Maximum conversion efficiency on the day B [%] <section conversion efficiency A [%] (3)

  That is, the control unit 6 updates the current day maximum conversion efficiency B every minute.

(D) Then, when a preset third predetermined time T3 (1 day: 24 hours in the present embodiment) elapses during the process of (c), the control unit 6 determines that the current day interval maximum conversion efficiency B and If the current day section maximum conversion efficiency B is larger than the current month section maximum conversion efficiency C by comparing with the section maximum conversion efficiency (current month section maximum conversion efficiency) C in the current month, the current day section maximum conversion efficiency B is This is stored as C (see steps S7 to S9 in FIG. 2). That is, when the following formula (4) is established, the control unit 6 sets the current day section maximum conversion efficiency B as the current month section maximum conversion efficiency C.
Maximum conversion efficiency C [%] for the current month section <Maximum conversion efficiency B [%] for the current day section (4)

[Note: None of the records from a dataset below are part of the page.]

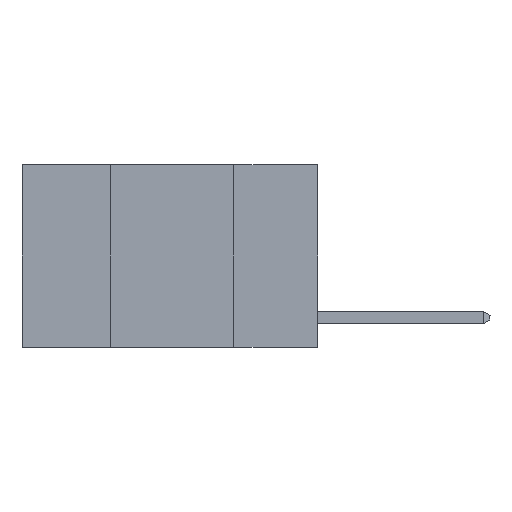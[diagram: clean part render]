
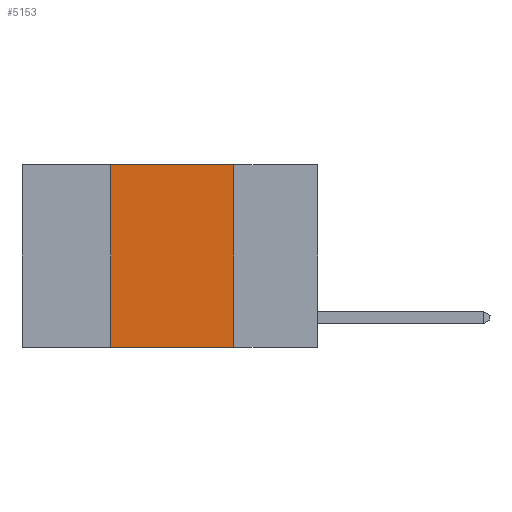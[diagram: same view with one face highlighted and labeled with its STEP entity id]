
A CAD part, left-side view. The second image highlights one B-rep face of the part: STEP entity #5153.
In plain terms, the highlighted planar face has unit normal (-1, 0, 0).
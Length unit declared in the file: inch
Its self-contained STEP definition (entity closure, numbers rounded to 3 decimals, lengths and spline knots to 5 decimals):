
#132 = CARTESIAN_POINT ( 'NONE',  ( 0., 0.17, 0. ) ) ;
#139 = ORIENTED_EDGE ( 'NONE', *, *, #353, .F. ) ;
#353 = EDGE_CURVE ( 'NONE', #7822, #2926, #10407, .T. ) ;
#635 = VERTEX_POINT ( 'NONE', #1475 ) ;
#922 = VERTEX_POINT ( 'NONE', #1453 ) ;
#1058 = ORIENTED_EDGE ( 'NONE', *, *, #8876, .F. ) ;
#1320 = EDGE_LOOP ( 'NONE', ( #4835, #1058, #139, #9534 ) ) ;
#1405 = VECTOR ( 'NONE', #1738, 39.37008 ) ;
#1453 = CARTESIAN_POINT ( 'NONE',  ( 0., 0.17, 0. ) ) ;
#1475 = CARTESIAN_POINT ( 'NONE',  ( 0., 0.17, -0.37 ) ) ;
#1738 = DIRECTION ( 'NONE',  ( 0., 0., 1. ) ) ;
#1968 = CARTESIAN_POINT ( 'NONE',  ( 0., 0.6, -0.37 ) ) ;
#2441 = LINE ( 'NONE', #8181, #9609 ) ;
#2502 = PLANE ( 'NONE',  #5395 ) ;
#2851 = LINE ( 'NONE', #1968, #8987 ) ;
#2926 = VERTEX_POINT ( 'NONE', #7435 ) ;
#3156 = CARTESIAN_POINT ( 'NONE',  ( 0., 0.42, 0. ) ) ;
#3214 = DIRECTION ( 'NONE',  ( 0., 0., -1. ) ) ;
#3809 = EDGE_CURVE ( 'NONE', #7822, #635, #2851, .T. ) ;
#4835 = ORIENTED_EDGE ( 'NONE', *, *, #7771, .F. ) ;
#4979 = DIRECTION ( 'NONE',  ( 1., 0., 0. ) ) ;
#5153 = ADVANCED_FACE ( 'NONE', ( #6530 ), #2502, .F. ) ;
#5395 = AXIS2_PLACEMENT_3D ( 'NONE', #7208, #4979, #3214 ) ;
#5789 = VECTOR ( 'NONE', #8218, 39.37008 ) ;
#6072 = DIRECTION ( 'NONE',  ( 0., -1., 0. ) ) ;
#6530 = FACE_OUTER_BOUND ( 'NONE', #1320, .T. ) ;
#7208 = CARTESIAN_POINT ( 'NONE',  ( 0., 0.6, 0. ) ) ;
#7435 = CARTESIAN_POINT ( 'NONE',  ( 0., 0.42, 0. ) ) ;
#7771 = EDGE_CURVE ( 'NONE', #922, #635, #8171, .T. ) ;
#7822 = VERTEX_POINT ( 'NONE', #7877 ) ;
#7877 = CARTESIAN_POINT ( 'NONE',  ( 0., 0.42, -0.37 ) ) ;
#8171 = LINE ( 'NONE', #132, #5789 ) ;
#8181 = CARTESIAN_POINT ( 'NONE',  ( 0., 0.6, 0. ) ) ;
#8218 = DIRECTION ( 'NONE',  ( 0., 0., -1. ) ) ;
#8876 = EDGE_CURVE ( 'NONE', #2926, #922, #2441, .T. ) ;
#8915 = DIRECTION ( 'NONE',  ( 0., -1., 0. ) ) ;
#8987 = VECTOR ( 'NONE', #6072, 39.37008 ) ;
#9534 = ORIENTED_EDGE ( 'NONE', *, *, #3809, .T. ) ;
#9609 = VECTOR ( 'NONE', #8915, 39.37008 ) ;
#10407 = LINE ( 'NONE', #3156, #1405 ) ;
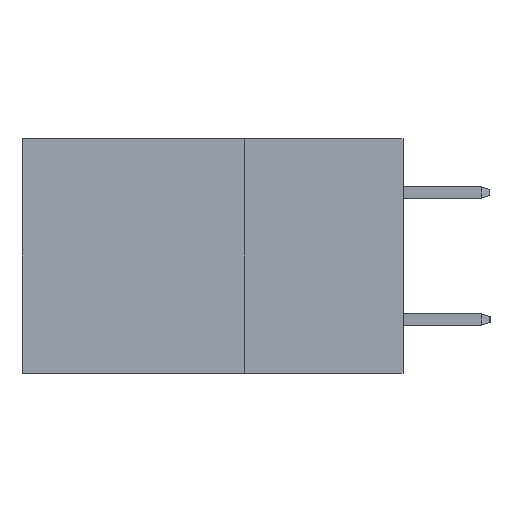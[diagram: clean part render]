
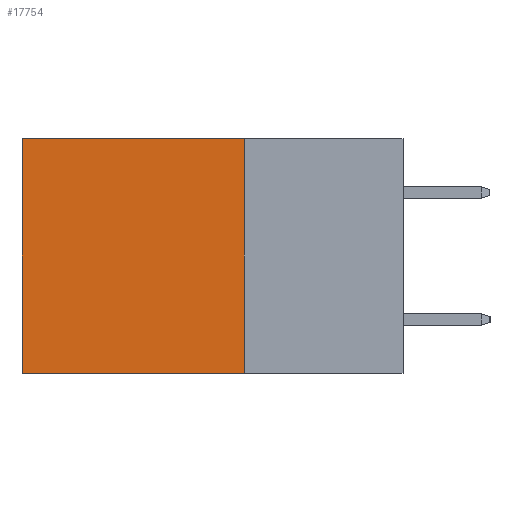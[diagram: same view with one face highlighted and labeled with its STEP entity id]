
A CAD part, left-side view. The second image highlights one B-rep face of the part: STEP entity #17754.
In plain terms, the highlighted planar face has unit normal (-1, 0, 0).
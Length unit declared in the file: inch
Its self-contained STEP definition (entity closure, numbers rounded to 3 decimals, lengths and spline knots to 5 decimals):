
#515 = CARTESIAN_POINT ( 'NONE',  ( 0.2875, 0.25, -0.37 ) ) ;
#1310 = LINE ( 'NONE', #14012, #7855 ) ;
#2357 = VERTEX_POINT ( 'NONE', #10743 ) ;
#3535 = DIRECTION ( 'NONE',  ( 0., 1., 0. ) ) ;
#4094 = ORIENTED_EDGE ( 'NONE', *, *, #5132, .F. ) ;
#4987 = DIRECTION ( 'NONE',  ( 0., 0., -1. ) ) ;
#5132 = EDGE_CURVE ( 'NONE', #17090, #2357, #9539, .T. ) ;
#5283 = CARTESIAN_POINT ( 'NONE',  ( 0.2875, 0.25, 0. ) ) ;
#5398 = LINE ( 'NONE', #15630, #14677 ) ;
#5461 = CARTESIAN_POINT ( 'NONE',  ( 0.2875, 0.6, -0.37 ) ) ;
#6683 = VECTOR ( 'NONE', #11410, 39.37008 ) ;
#7002 = DIRECTION ( 'NONE',  ( 0., 1., 0. ) ) ;
#7007 = DIRECTION ( 'NONE',  ( 0., 0., -1. ) ) ;
#7612 = EDGE_LOOP ( 'NONE', ( #9516, #10081, #4094, #11113 ) ) ;
#7855 = VECTOR ( 'NONE', #7002, 39.37008 ) ;
#8638 = VERTEX_POINT ( 'NONE', #13593 ) ;
#9055 = PLANE ( 'NONE',  #13892 ) ;
#9516 = ORIENTED_EDGE ( 'NONE', *, *, #15624, .T. ) ;
#9539 = LINE ( 'NONE', #5283, #6683 ) ;
#9979 = EDGE_CURVE ( 'NONE', #2357, #14435, #15108, .T. ) ;
#10081 = ORIENTED_EDGE ( 'NONE', *, *, #9979, .F. ) ;
#10743 = CARTESIAN_POINT ( 'NONE',  ( 0.2875, 0.25, -0.37 ) ) ;
#10843 = CARTESIAN_POINT ( 'NONE',  ( 0.2875, 0.25, 0. ) ) ;
#11113 = ORIENTED_EDGE ( 'NONE', *, *, #14006, .T. ) ;
#11410 = DIRECTION ( 'NONE',  ( 0., 0., -1. ) ) ;
#13593 = CARTESIAN_POINT ( 'NONE',  ( 0.2875, 0.6, 0. ) ) ;
#13892 = AXIS2_PLACEMENT_3D ( 'NONE', #10843, #15032, #4987 ) ;
#14006 = EDGE_CURVE ( 'NONE', #17090, #8638, #1310, .T. ) ;
#14012 = CARTESIAN_POINT ( 'NONE',  ( 0.2875, 0.25, 0. ) ) ;
#14435 = VERTEX_POINT ( 'NONE', #5461 ) ;
#14582 = CARTESIAN_POINT ( 'NONE',  ( 0.2875, 0.25, 0. ) ) ;
#14677 = VECTOR ( 'NONE', #7007, 39.37008 ) ;
#15000 = VECTOR ( 'NONE', #3535, 39.37008 ) ;
#15032 = DIRECTION ( 'NONE',  ( 1., 0., 0. ) ) ;
#15108 = LINE ( 'NONE', #515, #15000 ) ;
#15624 = EDGE_CURVE ( 'NONE', #8638, #14435, #5398, .T. ) ;
#15630 = CARTESIAN_POINT ( 'NONE',  ( 0.2875, 0.6, 0. ) ) ;
#16462 = FACE_OUTER_BOUND ( 'NONE', #7612, .T. ) ;
#17090 = VERTEX_POINT ( 'NONE', #14582 ) ;
#17754 = ADVANCED_FACE ( 'NONE', ( #16462 ), #9055, .F. ) ;

  That is, the control unit 6 updates the current month section maximum conversion efficiency C every day. After this comparison, the control unit 6 initializes (resets) the current day section maximum conversion efficiency B (see step S10 in FIG. 2).

(E) Then, when a predetermined period T (30 days in this embodiment) elapses, the control unit 6 replaces the current month section maximum conversion efficiency C with the last month section maximum conversion efficiency D at that time, The maximum conversion efficiency C for the current month is initialized (steps S11 to S13 in FIG. 2).

  Here, the reason why the predetermined period T is set to 30 days is that one month is calculated in 30 days in order to generate data of the section maximum conversion efficiency for each month. As described later, since one month is treated as 30 days, the last month interval maximum conversion efficiency D is used as data for comparison with the current conversion efficiency. This is because there is no need to make months.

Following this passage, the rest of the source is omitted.